Her waist was so slim, her stomach so smooth and flat. He usually took pleasure in the exquisite beauty of her body, but now he longed to see her waist thicken and her belly swell with his child. He had always dreaded the thought of fatherhood; some years ago, he had even resisted pressure from Josarian and his self-righteous wife to marry a girl in Emeldar who claimed to be carrying his child. He enjoyed women for the pleasures they could share with him, not for the hungry mouths they could burden him with. Like so many other things, though, he found that this, too, had changed now that he was in love with Elelar. He wanted to plant his seed in her belly, to create a new life within her and someday watch her nurse his son.
Such an idea would have been unthinkable before the war. Even their relationship would have been unthinkable not so long ago, but everything was different now. And with the world turned upside down, Zimran intended to keep Elelar as his own. Forever.
He slid his palm up over her breast and gently massaged her, feeling her body quicken under his touch. Maybe a child would be just the thing, he realized. Maybe a baby would make her settle down at last, leaving the business of war to Josarian, Tansen, and their kind. Perhaps if Zimran got her with child, then the two of them could settle into a quiet life together, free of all this madness. Whether or not Josarian fulfilled the destiny of the Firebringer, he was as good as dead anyhow. Kiloran would never rest until he had avenged the death of his son. In the meantime, with Liron and Adalian already fallen and all of Sileria now involved in the war, surely destiny could play out the rest of this game without Zimran and his woman.
He kissed the slender column of her neck, inhaling the subtle fragrance that clung to her fair skin. He pulled her closer, glad he had locked the door when he had entered this room to quarrel in private; a
torena
's household was full of servants who were always inconveniently underfoot, bursting into her presence without warning or apology. It was so long since she had allowed him to make love to her in the middle of the day. He kissed her long and hard, intending to override any protest she might make now.
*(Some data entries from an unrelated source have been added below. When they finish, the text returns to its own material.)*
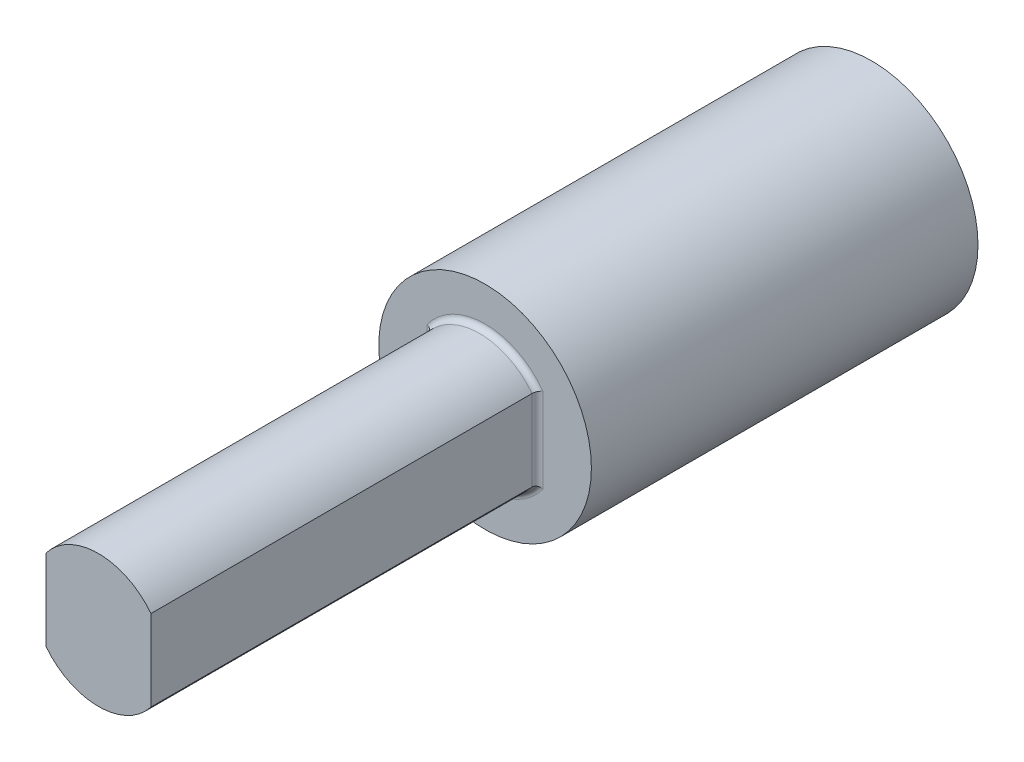
ISO-10303-21;
HEADER;
FILE_DESCRIPTION(('STEP AP214'),'2;1');
FILE_NAME('part.step','',(''),(''),'','','');
FILE_SCHEMA(('AUTOMOTIVE_DESIGN { 1 0 10303 214 1 1 1 1 }'));
ENDSEC;
DATA;
#1=APPLICATION_CONTEXT('core data for automotive mechanical design processes');
#2=APPLICATION_PROTOCOL_DEFINITION('international standard','automotive_design',2000,#1);
#3=PRODUCT_CONTEXT('',#1,'mechanical');
#4=PRODUCT('Part','Part','',(#3));
#5=PRODUCT_RELATED_PRODUCT_CATEGORY('part','',(#4));
#6=PRODUCT_DEFINITION_FORMATION('','',#4);
#7=PRODUCT_DEFINITION_CONTEXT('part definition',#1,'design');
#8=PRODUCT_DEFINITION('design','',#6,#7);
#9=PRODUCT_DEFINITION_SHAPE('','',#8);
#10=(LENGTH_UNIT() NAMED_UNIT(*) SI_UNIT(.MILLI.,.METRE.));
#11=(NAMED_UNIT(*) PLANE_ANGLE_UNIT() SI_UNIT($,.RADIAN.));
#12=(NAMED_UNIT(*) SI_UNIT($,.STERADIAN.) SOLID_ANGLE_UNIT());
#13=UNCERTAINTY_MEASURE_WITH_UNIT(LENGTH_MEASURE(1.E-05),#10,'distance_accuracy_value','');
#14=(GEOMETRIC_REPRESENTATION_CONTEXT(3) GLOBAL_UNCERTAINTY_ASSIGNED_CONTEXT((#13)) GLOBAL_UNIT_ASSIGNED_CONTEXT((#10,
#11,#12)) REPRESENTATION_CONTEXT('',''));
#15=CARTESIAN_POINT('',(0.,0.,0.));
#16=DIRECTION('',(0.,0.,1.));
#17=DIRECTION('',(1.,0.,0.));
#18=AXIS2_PLACEMENT_3D('',#15,#16,#17);
#19=CARTESIAN_POINT('',(0.,0.,-70.));
#20=DIRECTION('',(0.,0.,1.));
#21=DIRECTION('',(1.,0.,0.));
#22=AXIS2_PLACEMENT_3D('',#19,#20,#21);
#23=CYLINDRICAL_SURFACE('',#22,19.25);
#24=CARTESIAN_POINT('',(0.,0.,-70.));
#25=DIRECTION('',(0.,0.,1.));
#26=DIRECTION('',(1.,0.,0.));
#27=AXIS2_PLACEMENT_3D('',#24,#25,#26);
#28=CIRCLE('',#27,19.25);
#29=CARTESIAN_POINT('',(19.25,0.,-70.));
#30=VERTEX_POINT('',#29);
#31=EDGE_CURVE('E137',#30,#30,#28,.T.);
#32=ORIENTED_EDGE('',*,*,#31,.T.);
#33=EDGE_LOOP('',(#32));
#34=FACE_BOUND('',#33,.T.);
#35=CARTESIAN_POINT('',(0.,0.,0.));
#36=DIRECTION('',(0.,0.,1.));
#37=DIRECTION('',(1.,0.,0.));
#38=AXIS2_PLACEMENT_3D('',#35,#36,#37);
#39=CIRCLE('',#38,19.25);
#40=CARTESIAN_POINT('',(19.25,0.,0.));
#41=VERTEX_POINT('',#40);
#42=EDGE_CURVE('E115',#41,#41,#39,.T.);
#43=ORIENTED_EDGE('',*,*,#42,.F.);
#44=EDGE_LOOP('',(#43));
#45=FACE_BOUND('',#44,.T.);
#46=ADVANCED_FACE('F41',(#34,#45),#23,.T.);
#47=CARTESIAN_POINT('',(0.,0.,-70.));
#48=DIRECTION('',(0.,0.,1.));
#49=DIRECTION('',(1.,0.,0.));
#50=AXIS2_PLACEMENT_3D('',#47,#48,#49);
#51=PLANE('',#50);
#52=ORIENTED_EDGE('',*,*,#31,.F.);
#53=EDGE_LOOP('',(#52));
#54=FACE_BOUND('',#53,.T.);
#55=ADVANCED_FACE('F201',(#54),#51,.F.);
#56=CARTESIAN_POINT('',(0.,0.,0.));
#57=DIRECTION('',(0.,0.,1.));
#58=DIRECTION('',(1.,0.,0.));
#59=AXIS2_PLACEMENT_3D('',#56,#57,#58);
#60=PLANE('',#59);
#61=DIRECTION('',(0.,1.,0.));
#62=VECTOR('',#61,1.);
#63=CARTESIAN_POINT('',(10.5,0.,0.));
#64=LINE('',#63,#62);
#65=CARTESIAN_POINT('',(10.5,7.66485485837811,0.));
#66=VERTEX_POINT('',#65);
#67=CARTESIAN_POINT('',(10.5,-7.66485485837811,0.));
#68=VERTEX_POINT('',#67);
#69=EDGE_CURVE('E148',#66,#68,#64,.F.);
#70=ORIENTED_EDGE('',*,*,#69,.T.);
#71=CARTESIAN_POINT('',(0.,0.,0.));
#72=DIRECTION('',(0.,0.,1.));
#73=DIRECTION('',(1.,0.,0.));
#74=AXIS2_PLACEMENT_3D('',#71,#72,#73);
#75=CIRCLE('',#74,13.);
#76=CARTESIAN_POINT('',(-10.5,-7.66485485837811,0.));
#77=VERTEX_POINT('',#76);
#78=EDGE_CURVE('E157',#68,#77,#75,.F.);
#79=ORIENTED_EDGE('',*,*,#78,.T.);
#80=DIRECTION('',(0.,1.,0.));
#81=VECTOR('',#80,1.);
#82=CARTESIAN_POINT('',(-10.5,7.33143914930759,0.));
#83=LINE('',#82,#81);
#84=CARTESIAN_POINT('',(-10.4999999999999,7.66485485837811,0.));
#85=VERTEX_POINT('',#84);
#86=EDGE_CURVE('E154',#77,#85,#83,.T.);
#87=ORIENTED_EDGE('',*,*,#86,.T.);
#88=CARTESIAN_POINT('',(0.,0.,0.));
#89=DIRECTION('',(0.,0.,1.));
#90=DIRECTION('',(1.,0.,0.));
#91=AXIS2_PLACEMENT_3D('',#88,#89,#90);
#92=CIRCLE('',#91,13.);
#93=EDGE_CURVE('E151',#85,#66,#92,.F.);
#94=ORIENTED_EDGE('',*,*,#93,.T.);
#95=EDGE_LOOP('',(#70,#79,#87,#94));
#96=FACE_BOUND('',#95,.T.);
#97=ORIENTED_EDGE('',*,*,#42,.T.);
#98=EDGE_LOOP('',(#97));
#99=FACE_BOUND('',#98,.T.);
#100=ADVANCED_FACE('F206',(#96,#99),#60,.T.);
#101=CARTESIAN_POINT('',(0.,0.,70.));
#102=DIRECTION('',(0.,0.,-1.));
#103=DIRECTION('',(-1.,0.,0.));
#104=AXIS2_PLACEMENT_3D('',#101,#102,#103);
#105=CYLINDRICAL_SURFACE('',#104,12.);
#106=DIRECTION('',(0.,0.,-1.));
#107=VECTOR('',#106,1.);
#108=CARTESIAN_POINT('',(9.5,7.33143914930759,70.));
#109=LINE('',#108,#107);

She let him unfasten the silken ties that held her tunic together. Beneath it, she was warm, soft, and fine-boned. His mind reeled away from the sudden unbidden memory of Srijan's blood covering the face he now kissed, soaking the hands which now slipped between his legs to stroke him. How could Josarian have murdered Srijan right in front of Elelar? Fury filled Zimran as he thought of it again, fury that flooded him with protective fervor as he swept her up into his arms.
How could Josarian have endangered her so?
What if there'd been a fight and she'd been hurt? What if Kiloran, who undoubtedly knew of her presence, didn't believe she was an innocent bystander who had actually tried to save Srijan?
Zimran had despised Srijan, but he knew that Elelar was right. Killing him, no matter what the provocation, had been an insane act. A
shallah
did not cross a waterlord and survive. Josarian may be the Firebringer, as people said, but this was
Kiloran
whom he had offended. And Kiloran no doubt now regretted having shown mercy to Tansen, Josarian's brother—a show of mercy that had obviously made Josarian lose respect for him. Kiloran would not make the same mistake twice.